***** DATA FOR THIS EXERCISE *****

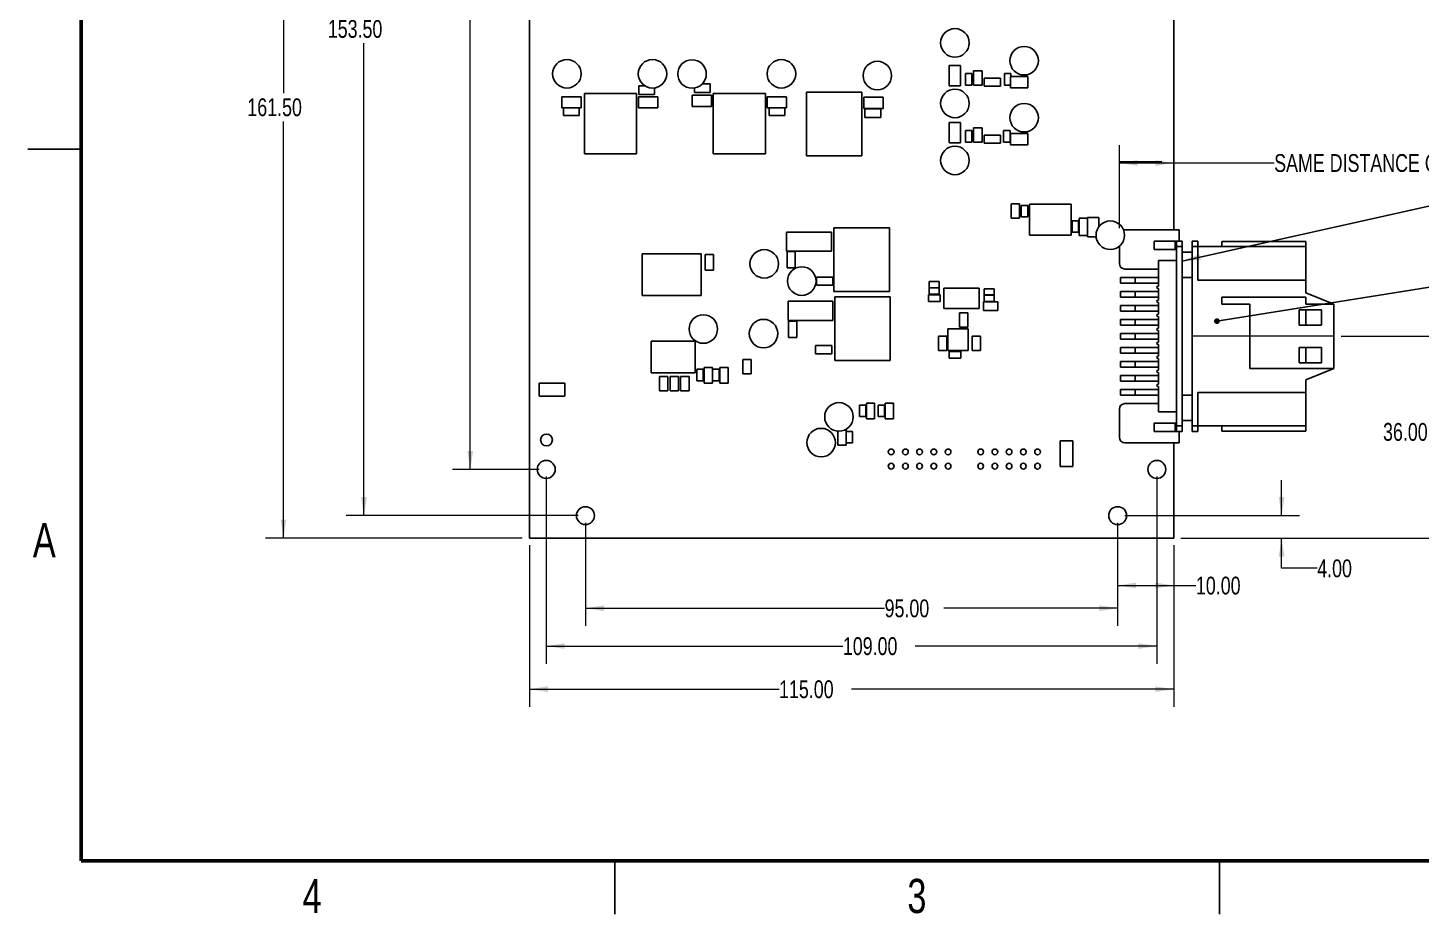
# Paper-space layout 'Sheet2' of a CAD drawing. Header units: millimetres. Extents: x 3 to 429, y 3 to 276.
# Drawn here: x 3.2 to 251.9, y 3.2 to 161.3 of the extents above; entities that cross this region are included whole.
import ezdxf

# ---------------------------------------------------------------- set-up
doc = ezdxf.new("R2010")
doc.units = ezdxf.units.MM
doc.styles.add('SLDTEXTSTYLE1', font='TXT', dxfattribs={"width": 0.75})
doc.dimstyles.new('SLDDIMSTYLE1', dxfattribs={"dimtxt": 3.175, "dimasz": 3.302, "dimexe": 0, "dimexo": 0.0625, "dimgap": 0.79375, "dimtad": 0, "dimtih": 1, "dimtoh": 1, "dimrnd": 1e-09, "dimzin": 4, "dimdsep": 46, "dimtxsty": 'SLDTEXTSTYLE1', "dimsah": 1, "dimcen": 0.09, "dimadec": 0, "dimazin": 1, "dimtfac": 1, "dimtofl": 0, "dimtmove": 0, "dimatfit": 3, "dimfxl": 1, "dimfrac": 2, "dimtolj": 1, "dimtzin": 12, "dimarcsym": 0})
doc.dimstyles.new('SLDDIMSTYLE2', dxfattribs={"dimtxt": 3.175, "dimasz": 3.302, "dimexe": 0, "dimexo": 0.0625, "dimgap": 0.79375, "dimtad": 0, "dimtih": 1, "dimtoh": 1, "dimrnd": 1e-09, "dimzin": 12, "dimdsep": 46, "dimtxsty": 'SLDTEXTSTYLE1', "dimsah": 1, "dimcen": 0.09, "dimadec": 0, "dimazin": 3, "dimtfac": 1, "dimtofl": 0, "dimtmove": 0, "dimatfit": 3, "dimfxl": 1, "dimfrac": 2, "dimtolj": 1, "dimtzin": 12, "dimarcsym": 0})
doc.dimstyles.new('SLDDIMSTYLE3', dxfattribs={"dimtxt": 3.175, "dimasz": 3.302, "dimexe": 0, "dimexo": 0.0625, "dimgap": 0.79375, "dimtad": 0, "dimtih": 1, "dimtoh": 1, "dimrnd": 1e-09, "dimzin": 4, "dimdsep": 46, "dimtxsty": 'SLDTEXTSTYLE1', "dimsah": 1, "dimcen": 0.09, "dimadec": 0, "dimazin": 1, "dimtfac": 1, "dimtmove": 0, "dimatfit": 0, "dimfxl": 1, "dimfrac": 2, "dimtolj": 1, "dimtzin": 12, "dimarcsym": 0})
doc.dimstyles.new('SLDDIMSTYLE4', dxfattribs={"dimtxt": 0.18, "dimasz": 1.016, "dimexe": 0, "dimexo": 0.0625, "dimgap": 0, "dimtad": 0, "dimtih": 1, "dimtoh": 1, "dimdec": 0, "dimrnd": 1e-09, "dimzin": 0, "dimdsep": 46, "dimtxsty": 'Standard', "dimblk1": 'DOT', "dimblk2": 'DOT', "dimsah": 1, "dimcen": 0.09, "dimadec": 0, "dimazin": 0, "dimtfac": 1.016, "dimtdec": 0, "dimtofl": 0, "dimtmove": 0, "dimatfit": 3, "dimldrblk": 'DOT', "dimfxl": 1, "dimfrac": 2, "dimtolj": 1, "dimtzin": 0, "dimarcsym": 0})
doc.dimstyles.new('SLDDIMSTYLE5', dxfattribs={"dimtxt": 0.18, "dimasz": 3.302, "dimexe": 0, "dimexo": 0.0625, "dimgap": 0, "dimtad": 0, "dimtih": 1, "dimtoh": 1, "dimdec": 0, "dimrnd": 1e-09, "dimzin": 0, "dimdsep": 46, "dimtxsty": 'Standard', "dimsah": 1, "dimcen": 0.09, "dimadec": 0, "dimazin": 0, "dimtfac": 3.302, "dimtdec": 0, "dimtofl": 0, "dimtmove": 0, "dimatfit": 3, "dimfxl": 1, "dimfrac": 2, "dimtolj": 1, "dimtzin": 0, "dimarcsym": 0})

# ---------------------------------------------------------------- blocks, each defined once
blk = doc.blocks.new('_D_10')
at = {"color": 7, "linetype": 'Continuous', "lineweight": 0}
for p, q in [((237.57, 106.28), (294.58, 106.28)), ((291.4, 106.28), (291.4, 91.76)), ((291.4, 70.28), (291.4, 86.72)), ((208.97, 70.28), (294.58, 70.28))]:
    blk.add_line(p, q, dxfattribs=at)
at = {"color": 7, "linetype": 'Continuous', "lineweight": 18}
for points in [[(291.4, 106.28), (290.89, 102.98), (291.91, 102.98)], [(291.4, 70.28), (291.91, 73.58), (290.89, 73.58)]]:
    blk.add_solid(points, dxfattribs=at)
at = {"color": 7, "linetype": 'Continuous', "lineweight": 18, "char_height": 3.175, "attachment_point": 1, "style": 'SLDTEXTSTYLE1'}
for s, insert in [('36.00', (245.07, 90.81)), ('[BOARD EDGE TO CONNECTOR CENTER]', (255.62, 90.81))]:
    blk.add_mtext(s, dxfattribs=dict(at, insert=insert))
blk = doc.blocks.new('_D_13')
at = {"color": 7, "linetype": 'Continuous', "lineweight": 0}
for p, q in [((91.43, 231.78), (45.62, 231.78)), ((48.8, 231.78), (48.8, 149.69)), ((48.8, 70.28), (48.8, 144.64)), ((91.43, 70.28), (45.62, 70.28))]:
    blk.add_line(p, q, dxfattribs=at)
at = {"color": 7, "linetype": 'Continuous', "lineweight": 18}
for points in [[(48.8, 231.78), (48.29, 228.48), (49.31, 228.48)], [(48.8, 70.28), (49.31, 73.58), (48.29, 73.58)]]:
    blk.add_solid(points, dxfattribs=at)
at = {"color": 7, "linetype": 'Continuous', "lineweight": 18, "insert": (42.35, 148.74), "char_height": 3.175, "attachment_point": 1, "style": 'SLDTEXTSTYLE1'}
blk.add_mtext('161.50', dxfattribs=at)
blk = doc.blocks.new('_D_14')
at = {"color": 7, "linetype": 'Continuous', "lineweight": 0}
for p, q in [((92.7, 69.01), (92.7, 40.14)), ((207.7, 69.01), (207.7, 40.14)), ((92.7, 43.32), (137.26, 43.32)), ((207.7, 43.32), (150.17, 43.32))]:
    blk.add_line(p, q, dxfattribs=at)
at = {"color": 7, "linetype": 'Continuous', "lineweight": 18}
for points in [[(92.7, 43.32), (96, 42.81), (96, 43.82)], [(207.7, 43.32), (204.4, 43.82), (204.4, 42.81)]]:
    blk.add_solid(points, dxfattribs=at)
at = {"color": 7, "linetype": 'Continuous', "lineweight": 18, "insert": (137.26, 44.89), "char_height": 3.175, "attachment_point": 1, "style": 'SLDTEXTSTYLE1'}
blk.add_mtext('115.00', dxfattribs=at)
blk = doc.blocks.new('_D_15')
at = {"color": 7, "linetype": 'Continuous', "lineweight": 0}
for p, q in [((94.43, 219.53), (78.96, 219.53)), ((82.14, 219.53), (82.14, 177.64)), ((82.14, 82.53), (82.14, 172.6)), ((94.43, 82.53), (78.96, 82.53))]:
    blk.add_line(p, q, dxfattribs=at)
at = {"color": 7, "linetype": 'Continuous', "lineweight": 18}
for points in [[(82.14, 219.53), (81.63, 216.23), (82.65, 216.23)], [(82.14, 82.53), (82.65, 85.83), (81.63, 85.83)]]:
    blk.add_solid(points, dxfattribs=at)
at = {"color": 7, "linetype": 'Continuous', "lineweight": 18, "insert": (75.69, 176.7), "char_height": 3.175, "attachment_point": 1, "style": 'SLDTEXTSTYLE1'}
blk.add_mtext('137.00', dxfattribs=at)
blk = doc.blocks.new('_D_16')
at = {"color": 7, "linetype": 'Continuous', "lineweight": 0}
for p, q in [((101.43, 227.78), (59.99, 227.78)), ((63.17, 227.78), (63.17, 163.66)), ((63.17, 74.28), (63.17, 158.62)), ((101.43, 74.28), (59.99, 74.28))]:
    blk.add_line(p, q, dxfattribs=at)
at = {"color": 7, "linetype": 'Continuous', "lineweight": 18}
for points in [[(63.17, 227.78), (62.66, 224.48), (63.67, 224.48)], [(63.17, 74.28), (63.67, 77.58), (62.66, 77.58)]]:
    blk.add_solid(points, dxfattribs=at)
at = {"color": 7, "linetype": 'Continuous', "lineweight": 18, "insert": (56.71, 162.72), "char_height": 3.175, "attachment_point": 1, "style": 'SLDTEXTSTYLE1'}
blk.add_mtext('153.50', dxfattribs=at)
blk = doc.blocks.new('_D_17')
at = {"color": 7, "linetype": 'Continuous', "lineweight": 0}
for p, q in [((95.7, 81.26), (95.7, 47.83)), ((204.7, 81.26), (204.7, 47.83)), ((95.7, 51.01), (148.65, 51.01)), ((204.7, 51.01), (161.55, 51.01))]:
    blk.add_line(p, q, dxfattribs=at)
at = {"color": 7, "linetype": 'Continuous', "lineweight": 18}
for points in [[(95.7, 51.01), (99, 50.5), (99, 51.51)], [(204.7, 51.01), (201.4, 51.51), (201.4, 50.5)]]:
    blk.add_solid(points, dxfattribs=at)
at = {"color": 7, "linetype": 'Continuous', "lineweight": 18, "insert": (148.65, 52.58), "char_height": 3.175, "attachment_point": 1, "style": 'SLDTEXTSTYLE1'}
blk.add_mtext('109.00', dxfattribs=at)
blk = doc.blocks.new('_D_18')
at = {"color": 7, "linetype": 'Continuous', "lineweight": 0}
for p, q in [((102.7, 73.01), (102.7, 54.59)), ((197.7, 73.01), (197.7, 54.59)), ((102.7, 57.76), (156.1, 57.76)), ((197.7, 57.76), (166.66, 57.76))]:
    blk.add_line(p, q, dxfattribs=at)
at = {"color": 7, "linetype": 'Continuous', "lineweight": 18}
for points in [[(102.7, 57.76), (106, 57.25), (106, 58.27)], [(197.7, 57.76), (194.4, 58.27), (194.4, 57.25)]]:
    blk.add_solid(points, dxfattribs=at)
at = {"color": 7, "linetype": 'Continuous', "lineweight": 18, "insert": (156.1, 59.33), "char_height": 3.175, "attachment_point": 1, "style": 'SLDTEXTSTYLE1'}
blk.add_mtext('95.00', dxfattribs=at)
blk = doc.blocks.new('_D_19')
at = {"color": 7, "linetype": 'Continuous', "lineweight": 0}
for p, q in [((226.97, 74.28), (226.97, 80.63)), ((198.97, 74.28), (230.15, 74.28)), ((208.97, 70.28), (230.15, 70.28)), ((226.97, 64.89), (226.97, 70.28)), ((233.32, 64.89), (226.97, 64.89))]:
    blk.add_line(p, q, dxfattribs=at)
at = {"color": 7, "linetype": 'Continuous', "lineweight": 18}
for points in [[(226.97, 74.28), (227.48, 77.58), (226.46, 77.58)], [(226.97, 70.28), (226.46, 66.98), (227.48, 66.98)]]:
    blk.add_solid(points, dxfattribs=at)
at = {"color": 7, "linetype": 'Continuous', "lineweight": 18, "insert": (233.32, 66.46), "char_height": 3.175, "attachment_point": 1, "style": 'SLDTEXTSTYLE1'}
blk.add_mtext('4.00', dxfattribs=at)
blk = doc.blocks.new('_D_20')
at = {"color": 7, "linetype": 'Continuous', "lineweight": 0}
for p, q in [((197.7, 73.01), (197.7, 58.64)), ((207.7, 69.01), (207.7, 58.64)), ((197.7, 61.82), (207.7, 61.82)), ((207.7, 61.82), (211.67, 61.82))]:
    blk.add_line(p, q, dxfattribs=at)
at = {"color": 7, "linetype": 'Continuous', "lineweight": 18}
for points in [[(197.7, 61.82), (201, 61.31), (201, 62.33)], [(207.7, 61.82), (204.4, 62.33), (204.4, 61.31)]]:
    blk.add_solid(points, dxfattribs=at)
at = {"color": 7, "linetype": 'Continuous', "lineweight": 18, "insert": (211.67, 63.39), "char_height": 3.175, "attachment_point": 1, "style": 'SLDTEXTSTYLE1'}
blk.add_mtext('10.00', dxfattribs=at)
blk = doc.blocks.new('_D_21')
at = {"color": 7, "linetype": 'Continuous', "lineweight": 0}
for p, q in [((198, 125.55), (198, 140.39)), ((198, 137.22), (207.7, 137.22)), ((207.7, 137.22), (225.64, 137.22))]:
    blk.add_line(p, q, dxfattribs=at)
at = {"color": 7, "linetype": 'Continuous', "lineweight": 18}
for points in [[(198, 137.22), (201.3, 136.71), (201.3, 137.72)], [(207.7, 137.22), (204.4, 137.72), (204.4, 136.71)]]:
    blk.add_solid(points, dxfattribs=at)
at = {"color": 7, "linetype": 'Continuous', "lineweight": 18, "insert": (225.64, 138.79), "char_height": 3.175, "attachment_point": 1, "style": 'SLDTEXTSTYLE1'}
blk.add_mtext('SAME DISTANCE OUT AS CONNECTOR ON CARRIER BOARD', dxfattribs=at)
blk = doc.blocks.new('_Dot')
at = {"color": 0, "linetype": 'ByBlock', "lineweight": -2}
blk.add_line((-0.5, 0), (-1, 0), dxfattribs=at)
at = {"color": 0, "linetype": 'ByBlock', "const_width": 0.5}
blk.add_lwpolyline([(-0.25, 0, 1), (0.25, 0, 1)], format="xyb", close=True, dxfattribs=at)

psp = doc.layouts.new('Sheet2')

# ---------------------------------------------------------------- linework, layer by layer
at = {"color": 7, "linetype": 'Continuous', "lineweight": 50}
for p, q in [((12.7, 12.7), (12.7, 266.7)), ((419.1, 12.7), (12.7, 12.7))]:
    psp.add_line(p, q, dxfattribs=at)
at = {"color": 7, "linetype": 'Continuous', "lineweight": 25}
for p, q in [((92.7, 231.782), (92.7, 70.281)), ((207.701, 125.281), (207.701, 231.782)), ((167.625, 150.997), (167.625, 154.597)), ((167.625, 154.597), (169.675, 154.597)), ((169.675, 154.597), (169.675, 150.997)), ((170.518, 151.112), (170.518, 153.162)), ((170.518, 153.162), (171.658, 153.162)), ((171.658, 153.162), (171.658, 152.402)), ((171.658, 152.402), (171.658, 152.402)), ((171.658, 152.402), (171.658, 151.112)), ((171.991, 151.122), (171.991, 153.672)), ((171.991, 153.672), (173.491, 153.672)), ((173.491, 153.672), (173.491, 151.122)), ((173.879, 150.922), (173.879, 152.372)), ((173.879, 152.372), (176.779, 152.372)), ((176.779, 152.372), (176.779, 150.922)), ((177.476, 151.112), (177.476, 153.162)), ((177.476, 153.162), (178.616, 153.162)), ((178.557, 152.647), (181.657, 152.647)), ((178.557, 150.647), (178.557, 152.647)), ((178.616, 153.162), (178.616, 152.647)), ((181.657, 152.647), (181.657, 150.647)), ((102.505, 138.847), (102.505, 149.597)), ((102.505, 149.597), (111.805, 149.597)), ((111.805, 149.597), (111.805, 138.847)), ((112.214, 149.439), (112.214, 150.949)), ((112.214, 150.949), (113.343, 150.949)), ((115.014, 149.439), (112.214, 149.439)), ((115.014, 150.6), (115.014, 149.439)), ((121.734, 147.288), (121.734, 149.288)), ((121.734, 149.288), (125.184, 149.288)), ((122.185, 149.795), (122.185, 150.584)), ((124.985, 149.795), (122.185, 149.795)), ((123.547, 151.305), (124.985, 151.305)), ((124.985, 151.305), (124.985, 149.795)), ((125.184, 149.288), (125.184, 147.288)), ((125.521, 149.597), (134.821, 149.597)), ((125.521, 138.847), (125.521, 149.597)), ((134.821, 149.597), (134.821, 138.847)), ((142.137, 138.496), (142.137, 149.846)), ((142.137, 149.846), (152.037, 149.846)), ((152.037, 149.846), (152.037, 138.496)), ((169.675, 150.997), (167.625, 150.997)), ((171.658, 151.112), (170.518, 151.112)), ((173.491, 151.122), (171.991, 151.122)), ((176.779, 150.922), (173.879, 150.922)), ((178.557, 151.112), (177.476, 151.112)), ((181.657, 150.647), (178.557, 150.647)), ((98.463, 147.042), (98.463, 149.042)), ((98.463, 149.042), (101.913, 149.042)), ((101.913, 147.042), (98.463, 147.042)), ((98.788, 145.655), (98.788, 147.042)), ((101.588, 147.042), (101.588, 145.655)), ((101.913, 149.042), (101.913, 147.042)), ((112.143, 149.042), (115.593, 149.042)), ((112.143, 147.042), (112.143, 149.042)), ((115.593, 147.042), (112.143, 147.042)), ((115.593, 149.042), (115.593, 147.042)), ((125.184, 147.288), (121.734, 147.288)), ((135.159, 147.042), (135.159, 149.042)), ((135.159, 149.042), (138.609, 149.042)), ((138.609, 147.042), (135.159, 147.042)), ((135.484, 145.655), (135.484, 147.042)), ((138.284, 147.042), (138.284, 145.655)), ((138.609, 149.042), (138.609, 147.042)), ((152.367, 146.958), (152.367, 148.958)), ((152.367, 148.958), (155.817, 148.958)), ((155.817, 146.958), (152.367, 146.958)), ((152.6, 145.34), (152.6, 146.85)), ((152.6, 146.85), (155.4, 146.85)), ((155.4, 146.85), (155.4, 145.34)), ((155.817, 148.958), (155.817, 146.958)), ((101.588, 145.655), (98.788, 145.655)), ((138.284, 145.655), (135.484, 145.655)), ((155.4, 145.34), (152.6, 145.34)), ((167.625, 144.427), (169.675, 144.427)), ((167.625, 140.827), (167.625, 144.427)), ((169.675, 144.427), (169.675, 140.827)), ((170.518, 140.942), (170.518, 142.992)), ((170.518, 142.992), (171.658, 142.992)), ((171.658, 142.992), (171.658, 142.232)), ((171.658, 142.232), (171.658, 142.232)), ((171.658, 142.232), (171.658, 140.942)), ((171.991, 140.952), (171.991, 143.502)), ((171.991, 143.502), (173.491, 143.502)), ((173.491, 143.502), (173.491, 140.952)), ((173.879, 140.752), (173.879, 142.202)), ((173.879, 142.202), (176.779, 142.202)), ((176.779, 142.202), (176.779, 140.752)), ((177.349, 140.942), (177.349, 142.992)), ((177.349, 142.992), (178.489, 142.992)), ((178.489, 142.992), (178.489, 142.232)), ((178.489, 142.232), (178.489, 142.232)), ((178.489, 142.232), (178.489, 140.942)), ((178.557, 142.477), (181.657, 142.477)), ((178.557, 140.477), (178.557, 142.477)), ((181.657, 142.477), (181.657, 140.477)), ((3.174, 139.7), (12.701, 139.7)), ((12.7, 139.7), (3.175, 139.7)), ((169.675, 140.827), (167.625, 140.827)), ((171.658, 140.942), (170.518, 140.942)), ((173.491, 140.952), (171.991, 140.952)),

*****

Report each line above containing the string "CONNECTOR".

for s, insert in [('36.00', (245.07, 90.81)), ('[BOARD EDGE TO CONNECTOR CENTER]', (255.62, 90.81))]:
blk.add_mtext('SAME DISTANCE OUT AS CONNECTOR ON CARRIER BOARD', dxfattribs=at)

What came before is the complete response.